Pengaruh Bahasa Inggris Pada Struktur Bahasa Indonesia
Tanpa kita sadari pengaruh penggunaan bahasa Inggris rupanya sudah memasuki struktur bahasa Indonesia. Sering kita jumpai dalam ungkapan lisan maupun tertulis kata-kata bermuatan kata tanya digunakan dalam kalimat pernyataan positif, contoh : “Rumah di mana nenekku tinggal hancur karena badai.” Secara fisik kalimat ini merupakan kalimat berbahasa Indonesia, tapi secara struktur, kalimat ini masih mengandung struktur kalimat bahasa Inggris : “A house where my grandmother lived was destroyed by a storm.” Kata where diterjemahkan sebagai dimana. Menurut Jurnal Widya Warta no. 02, Juli 2010 beberapa pengamat bahasa Indonesia seperti Kunardi Hardjoprawiro, Farid Hadi, Wedhawati, dan E Zainal Arifin mengemukakan bahwa kata-kata di mana, yang mana, apa, dan sebagainnya sering digunakan secara simpang siur dan tidak baku. Penggunaan sedemikian rupa sangatlah memprihatinkan. Maka kalimat A house where my grandmother lived was destroyed by a storm, yang diterjemahkan sebagai Rumah di mana nenekku tinggal hancur karena badai akan lebih berterima jika diubah menjadi : Rumah tempat nenekku tinggal hancur karena badai.

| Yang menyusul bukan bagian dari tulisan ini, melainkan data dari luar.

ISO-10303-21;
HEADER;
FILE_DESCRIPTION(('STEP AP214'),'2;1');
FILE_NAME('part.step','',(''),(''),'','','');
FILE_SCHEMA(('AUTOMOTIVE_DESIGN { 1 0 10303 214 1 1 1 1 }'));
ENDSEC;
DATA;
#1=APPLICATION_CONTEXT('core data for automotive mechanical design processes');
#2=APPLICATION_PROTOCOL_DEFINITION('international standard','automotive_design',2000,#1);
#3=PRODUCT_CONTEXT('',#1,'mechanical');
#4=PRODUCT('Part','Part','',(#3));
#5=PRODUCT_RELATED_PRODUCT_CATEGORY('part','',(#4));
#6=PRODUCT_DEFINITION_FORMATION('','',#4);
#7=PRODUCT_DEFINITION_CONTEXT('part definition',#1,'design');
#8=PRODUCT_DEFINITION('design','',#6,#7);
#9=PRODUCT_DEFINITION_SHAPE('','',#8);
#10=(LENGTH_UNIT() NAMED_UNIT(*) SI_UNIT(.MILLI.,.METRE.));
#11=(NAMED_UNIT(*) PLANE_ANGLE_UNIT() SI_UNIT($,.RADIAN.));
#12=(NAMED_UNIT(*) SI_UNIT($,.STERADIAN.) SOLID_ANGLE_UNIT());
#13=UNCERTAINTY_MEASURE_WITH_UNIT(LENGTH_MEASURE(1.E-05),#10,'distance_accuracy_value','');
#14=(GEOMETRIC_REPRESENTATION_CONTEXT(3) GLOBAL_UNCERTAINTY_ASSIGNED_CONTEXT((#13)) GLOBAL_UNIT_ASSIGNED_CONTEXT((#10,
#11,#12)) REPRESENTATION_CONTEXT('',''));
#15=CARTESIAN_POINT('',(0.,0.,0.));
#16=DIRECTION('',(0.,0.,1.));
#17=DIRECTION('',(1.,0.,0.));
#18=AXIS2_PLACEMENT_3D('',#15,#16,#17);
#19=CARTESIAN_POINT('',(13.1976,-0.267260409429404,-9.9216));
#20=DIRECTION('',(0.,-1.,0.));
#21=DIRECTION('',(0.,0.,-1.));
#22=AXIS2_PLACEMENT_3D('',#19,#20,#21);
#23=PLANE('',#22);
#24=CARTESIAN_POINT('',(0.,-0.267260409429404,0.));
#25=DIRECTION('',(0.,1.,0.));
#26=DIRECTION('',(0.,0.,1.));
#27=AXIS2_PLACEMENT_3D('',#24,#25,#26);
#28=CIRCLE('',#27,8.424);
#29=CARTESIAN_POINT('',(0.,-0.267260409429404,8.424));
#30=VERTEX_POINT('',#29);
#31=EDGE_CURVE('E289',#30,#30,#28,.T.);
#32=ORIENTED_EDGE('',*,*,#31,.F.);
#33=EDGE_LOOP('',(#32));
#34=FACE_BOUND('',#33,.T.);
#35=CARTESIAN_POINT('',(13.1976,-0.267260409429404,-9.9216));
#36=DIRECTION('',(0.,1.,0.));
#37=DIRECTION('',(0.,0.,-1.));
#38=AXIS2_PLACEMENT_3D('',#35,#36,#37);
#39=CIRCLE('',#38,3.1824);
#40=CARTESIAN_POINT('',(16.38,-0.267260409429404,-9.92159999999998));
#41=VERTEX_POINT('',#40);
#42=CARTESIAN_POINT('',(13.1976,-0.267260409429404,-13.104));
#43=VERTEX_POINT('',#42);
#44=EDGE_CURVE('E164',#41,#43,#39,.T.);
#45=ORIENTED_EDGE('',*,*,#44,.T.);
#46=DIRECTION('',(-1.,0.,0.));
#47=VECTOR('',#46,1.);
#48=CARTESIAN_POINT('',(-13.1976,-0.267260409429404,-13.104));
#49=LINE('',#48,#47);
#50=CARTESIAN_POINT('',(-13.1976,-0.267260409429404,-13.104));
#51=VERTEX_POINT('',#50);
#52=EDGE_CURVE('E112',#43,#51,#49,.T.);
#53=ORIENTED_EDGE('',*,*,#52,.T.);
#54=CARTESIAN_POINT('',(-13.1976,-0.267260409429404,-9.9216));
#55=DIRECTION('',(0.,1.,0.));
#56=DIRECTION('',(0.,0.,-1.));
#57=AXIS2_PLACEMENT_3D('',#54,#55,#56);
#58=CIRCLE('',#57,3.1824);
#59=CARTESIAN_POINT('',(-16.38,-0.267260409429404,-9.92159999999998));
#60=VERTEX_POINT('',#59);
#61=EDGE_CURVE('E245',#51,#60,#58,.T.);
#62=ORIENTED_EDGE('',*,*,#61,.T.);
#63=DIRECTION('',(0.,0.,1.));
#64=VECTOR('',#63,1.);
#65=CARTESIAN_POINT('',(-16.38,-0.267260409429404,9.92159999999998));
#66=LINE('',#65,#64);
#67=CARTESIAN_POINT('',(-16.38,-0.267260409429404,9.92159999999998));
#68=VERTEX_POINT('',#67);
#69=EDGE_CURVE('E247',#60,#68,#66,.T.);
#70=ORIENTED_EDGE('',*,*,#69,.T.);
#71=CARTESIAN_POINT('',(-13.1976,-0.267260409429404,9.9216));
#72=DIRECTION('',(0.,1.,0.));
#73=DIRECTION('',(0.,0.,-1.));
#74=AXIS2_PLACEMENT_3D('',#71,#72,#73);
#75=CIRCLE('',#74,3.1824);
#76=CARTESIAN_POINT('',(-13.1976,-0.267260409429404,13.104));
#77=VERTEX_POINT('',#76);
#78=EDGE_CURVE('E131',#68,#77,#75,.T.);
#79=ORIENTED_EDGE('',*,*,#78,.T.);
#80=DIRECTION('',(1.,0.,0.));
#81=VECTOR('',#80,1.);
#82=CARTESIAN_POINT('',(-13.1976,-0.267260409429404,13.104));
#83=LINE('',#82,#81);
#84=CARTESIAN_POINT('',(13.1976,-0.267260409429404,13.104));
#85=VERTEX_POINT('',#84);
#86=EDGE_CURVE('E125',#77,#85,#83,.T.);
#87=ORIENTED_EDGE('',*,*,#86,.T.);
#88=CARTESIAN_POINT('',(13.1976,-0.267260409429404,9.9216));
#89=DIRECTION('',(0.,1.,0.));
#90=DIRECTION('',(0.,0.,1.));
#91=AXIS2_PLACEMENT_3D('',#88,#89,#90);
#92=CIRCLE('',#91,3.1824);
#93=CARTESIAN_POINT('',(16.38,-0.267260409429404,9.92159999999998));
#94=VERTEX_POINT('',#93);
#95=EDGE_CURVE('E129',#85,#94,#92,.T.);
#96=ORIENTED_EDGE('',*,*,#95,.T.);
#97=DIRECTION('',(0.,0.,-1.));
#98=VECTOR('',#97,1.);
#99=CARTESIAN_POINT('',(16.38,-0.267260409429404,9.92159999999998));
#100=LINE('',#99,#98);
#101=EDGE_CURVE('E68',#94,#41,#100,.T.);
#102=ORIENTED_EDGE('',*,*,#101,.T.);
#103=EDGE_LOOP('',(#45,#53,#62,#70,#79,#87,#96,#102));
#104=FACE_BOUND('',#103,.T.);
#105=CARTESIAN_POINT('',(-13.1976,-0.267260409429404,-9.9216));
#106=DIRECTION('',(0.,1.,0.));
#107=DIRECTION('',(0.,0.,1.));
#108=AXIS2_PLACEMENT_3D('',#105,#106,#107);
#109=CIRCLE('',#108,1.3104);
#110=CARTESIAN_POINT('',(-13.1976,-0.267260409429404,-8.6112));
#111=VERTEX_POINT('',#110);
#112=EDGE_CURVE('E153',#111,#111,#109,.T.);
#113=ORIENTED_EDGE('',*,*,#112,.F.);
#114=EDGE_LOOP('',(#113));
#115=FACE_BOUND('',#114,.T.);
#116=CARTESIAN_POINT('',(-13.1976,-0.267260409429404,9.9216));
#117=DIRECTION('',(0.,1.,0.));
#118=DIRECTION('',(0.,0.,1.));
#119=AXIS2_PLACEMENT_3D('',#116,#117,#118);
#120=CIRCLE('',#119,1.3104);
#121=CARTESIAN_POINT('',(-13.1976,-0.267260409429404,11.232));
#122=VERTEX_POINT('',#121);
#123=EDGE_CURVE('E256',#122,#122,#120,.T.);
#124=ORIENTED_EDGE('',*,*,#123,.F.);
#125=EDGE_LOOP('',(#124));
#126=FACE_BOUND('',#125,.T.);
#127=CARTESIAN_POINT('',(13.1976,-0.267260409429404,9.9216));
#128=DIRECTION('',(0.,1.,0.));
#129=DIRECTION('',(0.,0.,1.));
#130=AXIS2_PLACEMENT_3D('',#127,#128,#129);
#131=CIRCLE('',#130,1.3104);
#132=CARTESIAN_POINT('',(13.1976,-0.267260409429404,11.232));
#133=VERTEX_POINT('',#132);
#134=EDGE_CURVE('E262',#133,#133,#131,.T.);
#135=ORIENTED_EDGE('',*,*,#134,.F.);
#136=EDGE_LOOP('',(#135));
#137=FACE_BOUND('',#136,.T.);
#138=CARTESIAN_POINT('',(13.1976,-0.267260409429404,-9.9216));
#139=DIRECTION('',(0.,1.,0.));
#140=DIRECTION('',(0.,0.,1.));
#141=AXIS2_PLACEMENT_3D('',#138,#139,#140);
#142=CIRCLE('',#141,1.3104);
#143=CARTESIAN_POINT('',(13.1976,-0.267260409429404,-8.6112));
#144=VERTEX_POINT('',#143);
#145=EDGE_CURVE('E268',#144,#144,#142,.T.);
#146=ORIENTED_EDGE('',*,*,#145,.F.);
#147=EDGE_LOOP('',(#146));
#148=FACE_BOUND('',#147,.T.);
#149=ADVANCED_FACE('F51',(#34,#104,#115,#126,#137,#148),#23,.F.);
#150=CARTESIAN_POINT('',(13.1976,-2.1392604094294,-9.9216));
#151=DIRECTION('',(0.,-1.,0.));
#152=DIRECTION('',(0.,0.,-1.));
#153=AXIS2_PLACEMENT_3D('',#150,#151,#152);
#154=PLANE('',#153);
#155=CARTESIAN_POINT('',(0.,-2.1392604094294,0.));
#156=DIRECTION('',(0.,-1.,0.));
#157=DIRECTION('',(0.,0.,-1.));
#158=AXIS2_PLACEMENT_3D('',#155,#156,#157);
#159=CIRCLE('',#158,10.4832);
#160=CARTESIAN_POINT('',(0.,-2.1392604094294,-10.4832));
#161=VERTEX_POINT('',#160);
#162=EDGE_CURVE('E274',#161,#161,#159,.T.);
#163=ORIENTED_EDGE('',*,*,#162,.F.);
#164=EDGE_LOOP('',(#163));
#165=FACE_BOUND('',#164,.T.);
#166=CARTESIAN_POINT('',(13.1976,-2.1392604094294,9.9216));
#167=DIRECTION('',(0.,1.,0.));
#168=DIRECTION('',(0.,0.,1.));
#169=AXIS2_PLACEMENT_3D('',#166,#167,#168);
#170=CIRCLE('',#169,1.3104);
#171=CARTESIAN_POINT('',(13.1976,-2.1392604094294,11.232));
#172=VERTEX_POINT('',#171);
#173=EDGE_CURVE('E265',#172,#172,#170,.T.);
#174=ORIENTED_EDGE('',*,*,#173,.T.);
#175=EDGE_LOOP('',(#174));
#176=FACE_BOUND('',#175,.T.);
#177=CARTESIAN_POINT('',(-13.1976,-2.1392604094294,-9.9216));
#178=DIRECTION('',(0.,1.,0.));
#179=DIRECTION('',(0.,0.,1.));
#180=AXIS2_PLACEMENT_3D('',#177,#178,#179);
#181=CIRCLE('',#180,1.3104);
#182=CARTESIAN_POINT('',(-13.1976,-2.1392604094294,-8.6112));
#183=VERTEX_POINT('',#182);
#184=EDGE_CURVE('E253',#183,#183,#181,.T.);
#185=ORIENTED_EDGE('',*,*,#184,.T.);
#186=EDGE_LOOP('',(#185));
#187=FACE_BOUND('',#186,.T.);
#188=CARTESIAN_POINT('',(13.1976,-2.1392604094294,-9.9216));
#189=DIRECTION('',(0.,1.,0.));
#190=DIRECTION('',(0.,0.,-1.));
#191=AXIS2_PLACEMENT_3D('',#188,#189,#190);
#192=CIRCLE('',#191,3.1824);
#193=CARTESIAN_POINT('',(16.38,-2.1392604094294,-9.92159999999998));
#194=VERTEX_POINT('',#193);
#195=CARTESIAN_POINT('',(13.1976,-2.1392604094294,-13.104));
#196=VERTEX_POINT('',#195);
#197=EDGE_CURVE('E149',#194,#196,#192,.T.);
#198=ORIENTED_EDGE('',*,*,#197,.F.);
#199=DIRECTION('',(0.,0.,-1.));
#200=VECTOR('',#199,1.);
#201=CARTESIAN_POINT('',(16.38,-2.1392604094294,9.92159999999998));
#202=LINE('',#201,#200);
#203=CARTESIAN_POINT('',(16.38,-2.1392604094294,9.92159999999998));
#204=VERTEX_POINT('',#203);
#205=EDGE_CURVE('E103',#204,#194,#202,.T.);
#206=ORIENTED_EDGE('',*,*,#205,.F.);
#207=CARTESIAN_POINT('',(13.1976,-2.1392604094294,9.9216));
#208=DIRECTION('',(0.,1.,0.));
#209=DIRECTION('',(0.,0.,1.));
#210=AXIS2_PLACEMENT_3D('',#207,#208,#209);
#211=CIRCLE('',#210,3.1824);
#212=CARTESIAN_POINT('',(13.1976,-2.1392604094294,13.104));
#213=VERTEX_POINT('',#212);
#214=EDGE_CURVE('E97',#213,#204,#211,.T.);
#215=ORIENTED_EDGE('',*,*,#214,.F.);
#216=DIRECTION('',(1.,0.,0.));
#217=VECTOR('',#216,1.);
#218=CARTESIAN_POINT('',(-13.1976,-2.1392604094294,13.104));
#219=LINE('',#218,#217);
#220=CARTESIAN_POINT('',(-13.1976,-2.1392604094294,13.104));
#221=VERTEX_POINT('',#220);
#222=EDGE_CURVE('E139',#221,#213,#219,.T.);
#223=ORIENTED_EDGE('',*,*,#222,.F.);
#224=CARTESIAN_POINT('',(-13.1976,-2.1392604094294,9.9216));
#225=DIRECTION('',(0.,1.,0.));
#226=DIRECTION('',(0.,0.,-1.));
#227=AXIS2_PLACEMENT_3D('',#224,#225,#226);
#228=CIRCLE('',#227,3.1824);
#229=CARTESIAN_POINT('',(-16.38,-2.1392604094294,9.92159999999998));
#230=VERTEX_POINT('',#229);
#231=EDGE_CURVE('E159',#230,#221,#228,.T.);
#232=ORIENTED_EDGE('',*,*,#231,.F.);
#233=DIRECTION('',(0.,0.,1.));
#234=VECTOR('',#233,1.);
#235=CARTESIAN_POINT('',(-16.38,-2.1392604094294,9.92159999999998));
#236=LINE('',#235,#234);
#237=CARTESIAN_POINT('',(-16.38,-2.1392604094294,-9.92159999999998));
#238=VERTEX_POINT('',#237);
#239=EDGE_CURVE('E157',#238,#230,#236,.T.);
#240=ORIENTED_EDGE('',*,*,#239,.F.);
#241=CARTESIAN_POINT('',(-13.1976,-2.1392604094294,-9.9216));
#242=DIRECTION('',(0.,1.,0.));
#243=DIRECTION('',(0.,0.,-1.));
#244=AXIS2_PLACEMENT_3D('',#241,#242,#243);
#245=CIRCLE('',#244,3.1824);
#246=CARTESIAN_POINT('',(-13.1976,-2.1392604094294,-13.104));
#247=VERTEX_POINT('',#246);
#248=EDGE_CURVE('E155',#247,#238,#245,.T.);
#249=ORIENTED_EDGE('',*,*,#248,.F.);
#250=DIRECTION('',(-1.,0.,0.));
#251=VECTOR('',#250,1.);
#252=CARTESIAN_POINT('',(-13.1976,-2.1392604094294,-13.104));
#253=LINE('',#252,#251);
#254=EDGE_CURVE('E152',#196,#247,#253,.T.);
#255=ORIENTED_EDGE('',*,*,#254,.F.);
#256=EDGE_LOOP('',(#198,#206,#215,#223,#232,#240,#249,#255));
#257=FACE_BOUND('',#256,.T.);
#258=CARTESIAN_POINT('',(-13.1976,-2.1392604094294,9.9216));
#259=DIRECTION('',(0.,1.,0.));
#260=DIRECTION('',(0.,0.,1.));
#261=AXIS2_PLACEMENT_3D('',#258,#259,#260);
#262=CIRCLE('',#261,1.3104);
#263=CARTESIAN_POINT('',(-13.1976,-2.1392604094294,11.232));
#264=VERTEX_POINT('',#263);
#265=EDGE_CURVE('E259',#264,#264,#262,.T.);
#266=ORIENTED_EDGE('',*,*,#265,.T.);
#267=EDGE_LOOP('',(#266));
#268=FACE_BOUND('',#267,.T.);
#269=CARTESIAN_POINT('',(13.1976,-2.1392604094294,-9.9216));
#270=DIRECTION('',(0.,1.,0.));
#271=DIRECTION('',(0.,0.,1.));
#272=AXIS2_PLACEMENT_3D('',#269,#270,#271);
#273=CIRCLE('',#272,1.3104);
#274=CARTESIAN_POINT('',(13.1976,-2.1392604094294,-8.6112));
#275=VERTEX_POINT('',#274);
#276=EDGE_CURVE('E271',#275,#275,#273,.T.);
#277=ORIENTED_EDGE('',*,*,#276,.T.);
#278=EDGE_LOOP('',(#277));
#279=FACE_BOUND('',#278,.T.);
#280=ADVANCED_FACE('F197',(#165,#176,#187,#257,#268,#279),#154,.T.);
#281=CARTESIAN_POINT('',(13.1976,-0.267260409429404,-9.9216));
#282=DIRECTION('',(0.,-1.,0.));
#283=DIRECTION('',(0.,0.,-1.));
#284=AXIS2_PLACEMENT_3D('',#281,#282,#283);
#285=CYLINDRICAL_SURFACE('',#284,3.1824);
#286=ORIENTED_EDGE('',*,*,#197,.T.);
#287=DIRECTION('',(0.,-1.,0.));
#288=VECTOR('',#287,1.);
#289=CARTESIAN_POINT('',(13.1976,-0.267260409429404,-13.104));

Contoh lain bisa kita lihat pada kalimat : “Guru itu akan mengajari kita bagaimana kita dapat memecahkan masalah tersebut.”Maka, menurut struktur kalimat bahasa Indonesia kalimat tersebut dapat diubah menjadi : “Guru itu akan mengajari cara memecahkan masalah tersebut.
Kesimpulan
Sebagai warga negara Indonesia tentu saja kita dituntut untuk mencintai bahasa persatuan kita, bahasa Indonesia. Karena seperti yang sudah diutarakan di awal, bahwa bahasa merupakan produk budaya yang mencerminkan masyarakat dan budaya tempat bahasa tersebut digunakan maka patutlah kita bangga terhadap bahasa kita sendiri. Menggunakan bahasa Indonesia dengan baik dan benar merupakan suatu perwujudan cinta kita terhadap bangsa Indonesia.
Memang tidak bisa kita pungkiri bahwa globalisasi merupakan suatu ajang bagi kita untuk dapat bersaing dengan dunia luar secara lebih terbuka dan bebas. Mempelajari bahasa asing memang merupakan sebuah modal yang juga diperlukan untuk dapat menunjang persaingan yang semakin lama semakin ketat. Tapi hal yang juga tidak kalah penting di sini adalah jangan sampai kita lebih peduli kepada bahasa asing daripada bahasa kita sendiri. Jika kita menengok ke negara-negara besar di Asia seperti Cina dan Jepang, maka kita akan melihat betapa bangganya mereka memiliki bahasa mereka masing-masing. Kedua negara tersebut justru mempromosikan budaya mereka lewat bahasa. Bisa kita lihat di Jepang dan Cina, demi memudahkan para turis asing belajar bahasa Jepang, mereka menambahkan tulisan Katakana untuk menulis kata serapan yang tidak terdapat pada tulisan Kanji. Cina pun juga menggunakan pinyin, sehingga “ciri khas” bahasa mereka tetap terjaga.
Jika kedua negara tersebut mampu mempertahankan budaya mereka lewat bahasa, lalu mengapa kita tidak? Janganlah kita merasa minder menggunakan bahasa Indonesia, karena kehebatan dan nilai prestisius seseorang tidak hanya dinilai dari kemampuannya berbahasa asing, namun juga cara berpikirnya.